Тут засмеялась она в черноваки ночные, которьзе множились, – громче, все громче, все громче, – пока из растерянных глазок не брызнули слезки: он салом обмазал ее.

Так случилось с Лизашей.

Лизаша играла в «русалочки» (много «русалочек» ею кормились); одна из русалочек этих «сестрица Аленушка», месяцем ясным катилася в «богушке»: неба же, «богушки» – не оказалося; а оказалась одна чернота; черноты даже не было в этом отсутствии всяких присутствий; и «богушка», «небо» – провал, как провал в месте носа: дыра носовая! В мгновение ока весь «богушка», просто разъялся: в дырищу. Ужасно отмечивать сгнитие носа в любимом: считала она своим небом – дыру носовую. Быть может, как зубы поддельные, носит поддельный он нос.

 

Ее «богушка» – дымка в глазах:

– Надо, надо…

– Что надо?

– Глаза протереть!

В ту минуту, когда поняла, появилось одно обстоятельство; «все» – началося во сне: увидела во сне черномазого мальчика; он улыбнулся ей хмуро и криво; его синеватые пальчики, точно без крови, ей подали ножик; кровь капала с кончика:

– Этим ножом он меня!…

– Кто?

Но мальчик сказал:

– Этим самым ножом ты его!

Стало ясно.

Была угловая, малайская комната; в ней стоял столик: не столик – парчевня; на столике ножик лежал с филигранною ручкою: вот что припомнив, сидела с открывшимся ротиком, ярко мерцая глазами; бежала разглядывать блеск ясной стали; к глазам поднесла, задрожала, отбросила ножик, упала на тигра.

Рыдала на тигре.

Потом перестала рыдать: ведь извечно убиты, мы, мертвые; мысль об убийстве разыгрывалась обострением всех наблюдений над «ним»; с изостренным вниманием впивалася в мир, заповеданный прежде; и в каждом движении этого мира увидела мерзости; оторопь оледенила желание мести; «убить» – можно после, потом, в миг последний, когда невтерпеж станет ей от «дыры носовой», к ней склоненной; пока же – в дыру заглядеться; и все – досмотреть; и – досодрогаться.

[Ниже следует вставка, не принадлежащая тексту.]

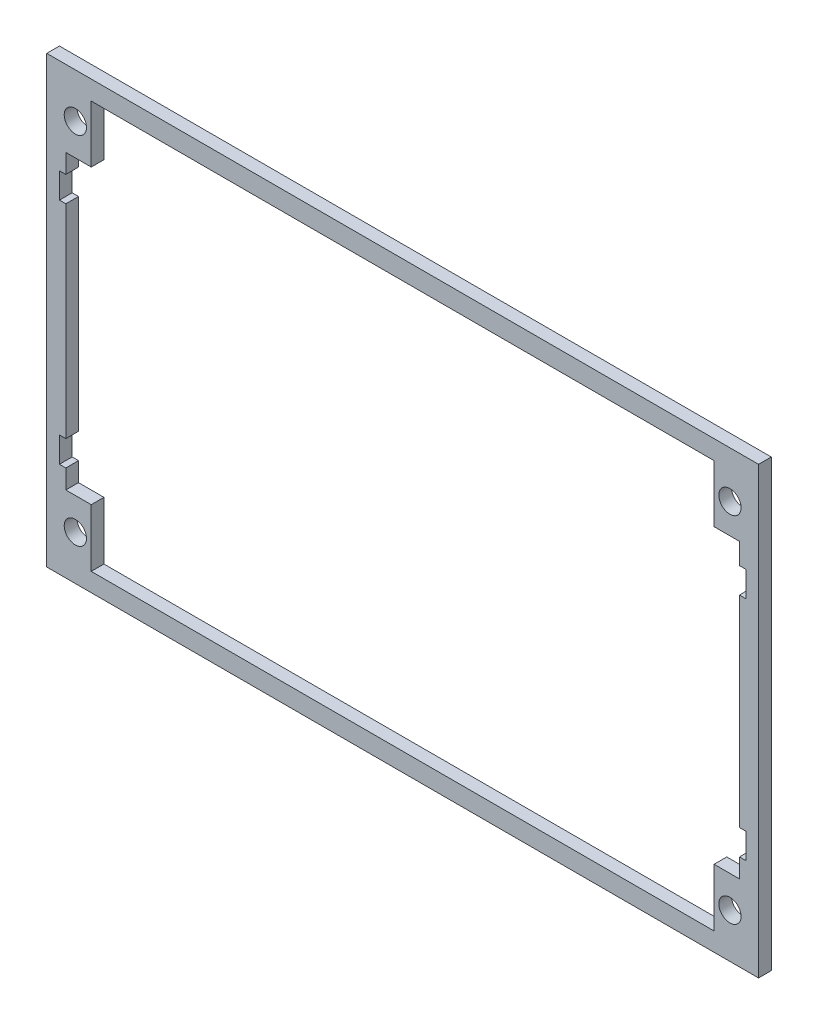
ISO-10303-21;
HEADER;
FILE_DESCRIPTION(('STEP AP214'),'2;1');
FILE_NAME('part.step','',(''),(''),'','','');
FILE_SCHEMA(('AUTOMOTIVE_DESIGN { 1 0 10303 214 1 1 1 1 }'));
ENDSEC;
DATA;
#1=APPLICATION_CONTEXT('core data for automotive mechanical design processes');
#2=APPLICATION_PROTOCOL_DEFINITION('international standard','automotive_design',2000,#1);
#3=PRODUCT_CONTEXT('',#1,'mechanical');
#4=PRODUCT('Part','Part','',(#3));
#5=PRODUCT_RELATED_PRODUCT_CATEGORY('part','',(#4));
#6=PRODUCT_DEFINITION_FORMATION('','',#4);
#7=PRODUCT_DEFINITION_CONTEXT('part definition',#1,'design');
#8=PRODUCT_DEFINITION('design','',#6,#7);
#9=PRODUCT_DEFINITION_SHAPE('','',#8);
#10=(LENGTH_UNIT() NAMED_UNIT(*) SI_UNIT(.MILLI.,.METRE.));
#11=(NAMED_UNIT(*) PLANE_ANGLE_UNIT() SI_UNIT($,.RADIAN.));
#12=(NAMED_UNIT(*) SI_UNIT($,.STERADIAN.) SOLID_ANGLE_UNIT());
#13=UNCERTAINTY_MEASURE_WITH_UNIT(LENGTH_MEASURE(1.E-05),#10,'distance_accuracy_value','');
#14=(GEOMETRIC_REPRESENTATION_CONTEXT(3) GLOBAL_UNCERTAINTY_ASSIGNED_CONTEXT((#13)) GLOBAL_UNIT_ASSIGNED_CONTEXT((#10,
#11,#12)) REPRESENTATION_CONTEXT('',''));
#15=CARTESIAN_POINT('',(0.,0.,0.));
#16=DIRECTION('',(0.,0.,1.));
#17=DIRECTION('',(1.,0.,0.));
#18=AXIS2_PLACEMENT_3D('',#15,#16,#17);
#19=CARTESIAN_POINT('',(109.,58.,0.));
#20=DIRECTION('',(1.,0.,0.));
#21=DIRECTION('',(0.,1.,0.));
#22=AXIS2_PLACEMENT_3D('',#19,#20,#21);
#23=PLANE('',#22);
#24=DIRECTION('',(0.,1.,0.));
#25=VECTOR('',#24,1.);
#26=CARTESIAN_POINT('',(109.,58.,0.));
#27=LINE('',#26,#25);
#28=CARTESIAN_POINT('',(109.,19.,0.));
#29=VERTEX_POINT('',#28);
#30=CARTESIAN_POINT('',(109.,50.6898312661624,0.));
#31=VERTEX_POINT('',#30);
#32=EDGE_CURVE('E484',#29,#31,#27,.T.);
#33=ORIENTED_EDGE('',*,*,#32,.F.);
#34=DIRECTION('',(0.,0.,1.));
#35=VECTOR('',#34,1.);
#36=CARTESIAN_POINT('',(109.,19.,0.));
#37=LINE('',#36,#35);
#38=CARTESIAN_POINT('',(109.,19.,2.));
#39=VERTEX_POINT('',#38);
#40=EDGE_CURVE('E288',#29,#39,#37,.T.);
#41=ORIENTED_EDGE('',*,*,#40,.T.);
#42=DIRECTION('',(0.,1.,0.));
#43=VECTOR('',#42,1.);
#44=CARTESIAN_POINT('',(109.,58.,2.));
#45=LINE('',#44,#43);
#46=CARTESIAN_POINT('',(109.,50.6898312661624,2.));
#47=VERTEX_POINT('',#46);
#48=EDGE_CURVE('E497',#39,#47,#45,.T.);
#49=ORIENTED_EDGE('',*,*,#48,.T.);
#50=DIRECTION('',(0.,0.,1.));
#51=VECTOR('',#50,1.);
#52=CARTESIAN_POINT('',(109.,50.6898312661624,0.));
#53=LINE('',#52,#51);
#54=EDGE_CURVE('E346',#31,#47,#53,.T.);
#55=ORIENTED_EDGE('',*,*,#54,.F.);
#56=EDGE_LOOP('',(#33,#41,#49,#55));
#57=FACE_BOUND('',#56,.T.);
#58=ADVANCED_FACE('F39',(#57),#23,.F.);
#59=CARTESIAN_POINT('',(109.,54.6898312661624,0.));
#60=VERTEX_POINT('',#59);
#61=CARTESIAN_POINT('',(109.,58.,0.));
#62=VERTEX_POINT('',#61);
#63=EDGE_CURVE('E479',#60,#62,#27,.T.);
#64=ORIENTED_EDGE('',*,*,#63,.F.);
#65=DIRECTION('',(0.,0.,1.));
#66=VECTOR('',#65,1.);
#67=CARTESIAN_POINT('',(109.,54.6898312661624,0.));
#68=LINE('',#67,#66);
#69=CARTESIAN_POINT('',(109.,54.6898312661624,2.));
#70=VERTEX_POINT('',#69);
#71=EDGE_CURVE('E316',#60,#70,#68,.T.);
#72=ORIENTED_EDGE('',*,*,#71,.T.);
#73=CARTESIAN_POINT('',(109.,58.,2.));
#74=VERTEX_POINT('',#73);
#75=EDGE_CURVE('E492',#70,#74,#45,.T.);
#76=ORIENTED_EDGE('',*,*,#75,.T.);
#77=DIRECTION('',(0.,0.,1.));
#78=VECTOR('',#77,1.);
#79=CARTESIAN_POINT('',(109.,58.,0.));
#80=LINE('',#79,#78);
#81=EDGE_CURVE('E504',#62,#74,#80,.T.);
#82=ORIENTED_EDGE('',*,*,#81,.F.);
#83=EDGE_LOOP('',(#64,#72,#76,#82));
#84=FACE_BOUND('',#83,.T.);
#85=ADVANCED_FACE('F625',(#84),#23,.F.);
#86=CARTESIAN_POINT('',(3.,12.,0.));
#87=DIRECTION('',(-1.,0.,0.));
#88=DIRECTION('',(0.,0.,1.));
#89=AXIS2_PLACEMENT_3D('',#86,#87,#88);
#90=PLANE('',#89);
#91=DIRECTION('',(0.,-1.,0.));
#92=VECTOR('',#91,1.);
#93=CARTESIAN_POINT('',(3.,12.,0.));
#94=LINE('',#93,#92);
#95=CARTESIAN_POINT('',(3.,51.,0.));
#96=VERTEX_POINT('',#95);
#97=CARTESIAN_POINT('',(3.,19.,0.));
#98=VERTEX_POINT('',#97);
#99=EDGE_CURVE('E439',#96,#98,#94,.T.);
#100=ORIENTED_EDGE('',*,*,#99,.F.);
#101=DIRECTION('',(0.,0.,1.));
#102=VECTOR('',#101,1.);
#103=CARTESIAN_POINT('',(3.,51.,0.));
#104=LINE('',#103,#102);
#105=CARTESIAN_POINT('',(3.,51.,2.));
#106=VERTEX_POINT('',#105);
#107=EDGE_CURVE('E392',#96,#106,#104,.T.);
#108=ORIENTED_EDGE('',*,*,#107,.T.);
#109=DIRECTION('',(0.,-1.,0.));
#110=VECTOR('',#109,1.);
#111=CARTESIAN_POINT('',(3.,12.,2.));
#112=LINE('',#111,#110);
#113=CARTESIAN_POINT('',(3.,19.,2.));
#114=VERTEX_POINT('',#113);
#115=EDGE_CURVE('E454',#106,#114,#112,.T.);
#116=ORIENTED_EDGE('',*,*,#115,.T.);
#117=DIRECTION('',(0.,0.,1.));
#118=VECTOR('',#117,1.);
#119=CARTESIAN_POINT('',(3.,19.,0.));
#120=LINE('',#119,#118);
#121=EDGE_CURVE('E310',#98,#114,#120,.T.);
#122=ORIENTED_EDGE('',*,*,#121,.F.);
#123=EDGE_LOOP('',(#100,#108,#116,#122));
#124=FACE_BOUND('',#123,.T.);
#125=ADVANCED_FACE('F632',(#124),#90,.F.);
#126=CARTESIAN_POINT('',(3.,15.,0.));
#127=VERTEX_POINT('',#126);
#128=CARTESIAN_POINT('',(3.,12.,0.));
#129=VERTEX_POINT('',#128);
#130=EDGE_CURVE('E440',#127,#129,#94,.T.);
#131=ORIENTED_EDGE('',*,*,#130,.F.);
#132=DIRECTION('',(0.,0.,1.));
#133=VECTOR('',#132,1.);
#134=CARTESIAN_POINT('',(3.,15.,0.));
#135=LINE('',#134,#133);
#136=CARTESIAN_POINT('',(3.,15.,2.));
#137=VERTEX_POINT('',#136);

Светило, сиявшее в ней, оказалось лишь мигом разрыва огромнейшей адской машины.

Пора!

Уж, наверное, там, с парапета, – босыми ногами неслышно прошел негритос – притаиться в малайскую комнату: шел вслед за ним – другой, третий: сплошною толпою, наверное, там негритосы валили; и – стали: смеяться в сплошной черновак, куда громче – все громче – смеялась с собою она, пока… слезки не брызнули: салом обмазал ее!

Ножик – вот!

Прикоснулася пальчиком; чуть-чуть порезалась: вытянув шейку и вытянув ручку, стрельнула в пространство стальным острием: убивают вот так. И потом только агницей вышла из тени; прижав к желтой юпочке ручку и в складочках черного кружева спрятавши ножик, пошла; ночь за нею в открытые двери валила толпою негритосов, – валила в малайскую комнату, красные губы раздвинув и белые зубы показывая.

Впереди шла, мяукая, черная кошечка.

29Минотавр – в греческой мифологии чудовище с туловищем человека и головой быка, обитавшее в лабиринте на острове Крит.